Я думал, я знаю, что за книги я изучаю, но теперь голоса твердят мне: "Руны Нуг-Сота, ключица Ньярлатхотепа, литании Ломара, мирские размышления Пьера-Луи Монтаньи, "Некрономикон", песни Крома-Йа, общие сведения о Йианге-Ли…"
(Снаружи - полдень или около того, но в доме царит прохлада. Мне удалось немного подкрепиться; и я сварил еще кофе. Сходил вниз, в подвал, проверил, на месте ли отцовские инструменты и прочие вещи, кувалда, бутыли для кислот и все такое; посмотрел на "Врата Снов", стараясь ступать совсем тихо. Там голоса звучат громче, чем где бы то ни было.)

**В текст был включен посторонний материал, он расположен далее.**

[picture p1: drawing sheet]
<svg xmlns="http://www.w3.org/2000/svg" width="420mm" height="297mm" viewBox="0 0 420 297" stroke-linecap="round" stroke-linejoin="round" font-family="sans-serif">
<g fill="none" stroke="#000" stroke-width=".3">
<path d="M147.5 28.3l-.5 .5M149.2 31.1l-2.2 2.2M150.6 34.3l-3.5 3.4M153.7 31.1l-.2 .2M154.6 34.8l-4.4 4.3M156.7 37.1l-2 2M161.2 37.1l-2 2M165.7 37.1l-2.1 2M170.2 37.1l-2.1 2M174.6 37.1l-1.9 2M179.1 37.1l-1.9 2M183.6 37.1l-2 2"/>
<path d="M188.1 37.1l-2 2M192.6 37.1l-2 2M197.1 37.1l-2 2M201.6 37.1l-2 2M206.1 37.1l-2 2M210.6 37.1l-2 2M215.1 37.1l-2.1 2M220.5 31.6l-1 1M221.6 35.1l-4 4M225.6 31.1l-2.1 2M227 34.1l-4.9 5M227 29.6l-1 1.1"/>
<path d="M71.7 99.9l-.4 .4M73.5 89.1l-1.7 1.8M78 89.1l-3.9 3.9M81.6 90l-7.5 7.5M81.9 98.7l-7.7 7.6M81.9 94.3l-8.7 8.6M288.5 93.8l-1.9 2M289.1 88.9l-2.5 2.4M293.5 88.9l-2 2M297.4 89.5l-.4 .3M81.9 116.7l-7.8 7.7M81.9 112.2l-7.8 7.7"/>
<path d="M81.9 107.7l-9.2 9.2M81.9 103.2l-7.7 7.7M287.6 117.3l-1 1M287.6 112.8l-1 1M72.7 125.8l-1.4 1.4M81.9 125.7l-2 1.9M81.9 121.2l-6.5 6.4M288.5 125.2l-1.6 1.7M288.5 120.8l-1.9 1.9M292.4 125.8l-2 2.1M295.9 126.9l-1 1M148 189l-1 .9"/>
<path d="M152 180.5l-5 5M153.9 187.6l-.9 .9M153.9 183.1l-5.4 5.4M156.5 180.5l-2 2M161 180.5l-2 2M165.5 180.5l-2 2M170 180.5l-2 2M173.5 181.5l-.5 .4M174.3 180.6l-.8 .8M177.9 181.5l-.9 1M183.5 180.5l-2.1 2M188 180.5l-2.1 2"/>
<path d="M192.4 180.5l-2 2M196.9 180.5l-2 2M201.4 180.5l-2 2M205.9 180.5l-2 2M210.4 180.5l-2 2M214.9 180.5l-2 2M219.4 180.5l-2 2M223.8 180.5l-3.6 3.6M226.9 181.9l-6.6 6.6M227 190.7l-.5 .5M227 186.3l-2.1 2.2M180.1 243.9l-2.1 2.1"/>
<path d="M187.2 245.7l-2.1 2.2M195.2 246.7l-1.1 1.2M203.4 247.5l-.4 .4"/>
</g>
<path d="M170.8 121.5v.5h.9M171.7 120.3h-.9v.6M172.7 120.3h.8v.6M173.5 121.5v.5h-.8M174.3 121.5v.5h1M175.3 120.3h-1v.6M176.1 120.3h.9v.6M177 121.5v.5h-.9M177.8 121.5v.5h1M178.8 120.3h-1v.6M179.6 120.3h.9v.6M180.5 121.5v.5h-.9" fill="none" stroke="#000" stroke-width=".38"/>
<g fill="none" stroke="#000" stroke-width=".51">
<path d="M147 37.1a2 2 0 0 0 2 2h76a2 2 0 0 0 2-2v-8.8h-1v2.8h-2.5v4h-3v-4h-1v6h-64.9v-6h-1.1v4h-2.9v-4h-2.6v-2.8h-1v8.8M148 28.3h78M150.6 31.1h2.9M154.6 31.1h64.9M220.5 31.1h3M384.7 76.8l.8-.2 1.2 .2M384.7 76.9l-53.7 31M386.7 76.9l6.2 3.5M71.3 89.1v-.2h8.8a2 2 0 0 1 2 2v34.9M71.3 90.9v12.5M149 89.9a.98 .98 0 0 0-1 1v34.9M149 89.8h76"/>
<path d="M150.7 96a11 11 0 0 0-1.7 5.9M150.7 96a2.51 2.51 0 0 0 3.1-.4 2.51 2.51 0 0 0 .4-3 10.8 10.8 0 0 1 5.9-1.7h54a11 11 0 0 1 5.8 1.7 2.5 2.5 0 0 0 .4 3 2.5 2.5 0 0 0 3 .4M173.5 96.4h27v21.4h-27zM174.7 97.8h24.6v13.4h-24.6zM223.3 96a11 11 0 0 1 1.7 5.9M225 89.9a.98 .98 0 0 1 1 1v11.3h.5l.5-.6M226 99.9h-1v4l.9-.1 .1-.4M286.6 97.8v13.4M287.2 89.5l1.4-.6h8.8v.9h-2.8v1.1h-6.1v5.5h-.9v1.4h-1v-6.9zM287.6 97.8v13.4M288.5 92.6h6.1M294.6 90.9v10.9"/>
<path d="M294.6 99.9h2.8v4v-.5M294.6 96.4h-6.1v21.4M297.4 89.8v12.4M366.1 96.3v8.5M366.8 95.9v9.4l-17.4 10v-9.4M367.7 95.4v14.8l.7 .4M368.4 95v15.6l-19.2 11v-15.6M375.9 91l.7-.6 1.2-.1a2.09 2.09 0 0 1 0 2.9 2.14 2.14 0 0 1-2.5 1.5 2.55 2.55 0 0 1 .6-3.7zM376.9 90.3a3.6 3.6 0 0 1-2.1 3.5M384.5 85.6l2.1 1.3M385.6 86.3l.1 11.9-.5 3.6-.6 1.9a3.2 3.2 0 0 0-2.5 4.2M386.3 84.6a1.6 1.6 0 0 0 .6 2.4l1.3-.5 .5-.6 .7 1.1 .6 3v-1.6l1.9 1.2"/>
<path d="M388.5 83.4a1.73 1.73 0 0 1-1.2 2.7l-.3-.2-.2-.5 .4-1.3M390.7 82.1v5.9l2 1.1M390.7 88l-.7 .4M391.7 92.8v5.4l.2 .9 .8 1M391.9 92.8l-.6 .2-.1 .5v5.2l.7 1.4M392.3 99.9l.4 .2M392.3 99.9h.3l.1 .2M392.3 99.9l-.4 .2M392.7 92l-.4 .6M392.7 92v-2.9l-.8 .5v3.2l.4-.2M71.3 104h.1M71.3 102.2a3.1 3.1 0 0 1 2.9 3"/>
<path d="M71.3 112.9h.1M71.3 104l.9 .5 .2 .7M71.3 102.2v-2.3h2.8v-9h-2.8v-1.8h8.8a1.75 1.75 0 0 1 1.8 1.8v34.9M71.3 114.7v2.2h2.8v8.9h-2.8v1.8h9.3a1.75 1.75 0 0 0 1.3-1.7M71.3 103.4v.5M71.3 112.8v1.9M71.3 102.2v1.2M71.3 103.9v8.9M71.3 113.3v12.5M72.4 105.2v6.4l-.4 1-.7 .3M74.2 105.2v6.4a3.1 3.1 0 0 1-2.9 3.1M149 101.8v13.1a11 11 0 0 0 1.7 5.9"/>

Довольно того, что в течение моих шести университетских и "поэтических" лет (полной учебной нагрузки я бы не вынес) я существовал не как полноценный человек, но как фрагмент человека. Я постепенно отказался от всех великих стремлений и довольствовался жизнью в миниатюре. Посещал несложные курсы, писал прозаические отрывки, порою - стихотворение-другое, заботился о матери (она, если не считать тревог обо мне, была крайне нетребовательна) и об отцовском доме (построенном так качественно, что никакого особенного ухода он и не требовал), бездумно бродил по холмам, подолгу спал. Друзей у меня не было. Собственно, не у меня, а у нас. Аббот Кинни умер, Лос-Анджелес прибрал к рукам его "Венецию". Саймон Родиа в гости давно не заглядывал: он с головой ушел в свой великий самостоятельный архитектурный проект. Однажды, по настоянию матери, я съездил в Уоттс, скопление утопающих в цветах непритязательных одноэтажных домиков, что совершенно терялись на великолепном фоне башен, вознесшихся к небу, точно сине-зеленая персидская греза. Родиа с трудом вспомнил, кто я такой, и, пока работал, все поглядывал на меня как-то странно. Денег, оставленных отцом (в серебряных долларах), в избытке хватало на наши с матерью нужды. Короче говоря, я смирился с судьбой - причем не без удовольствия.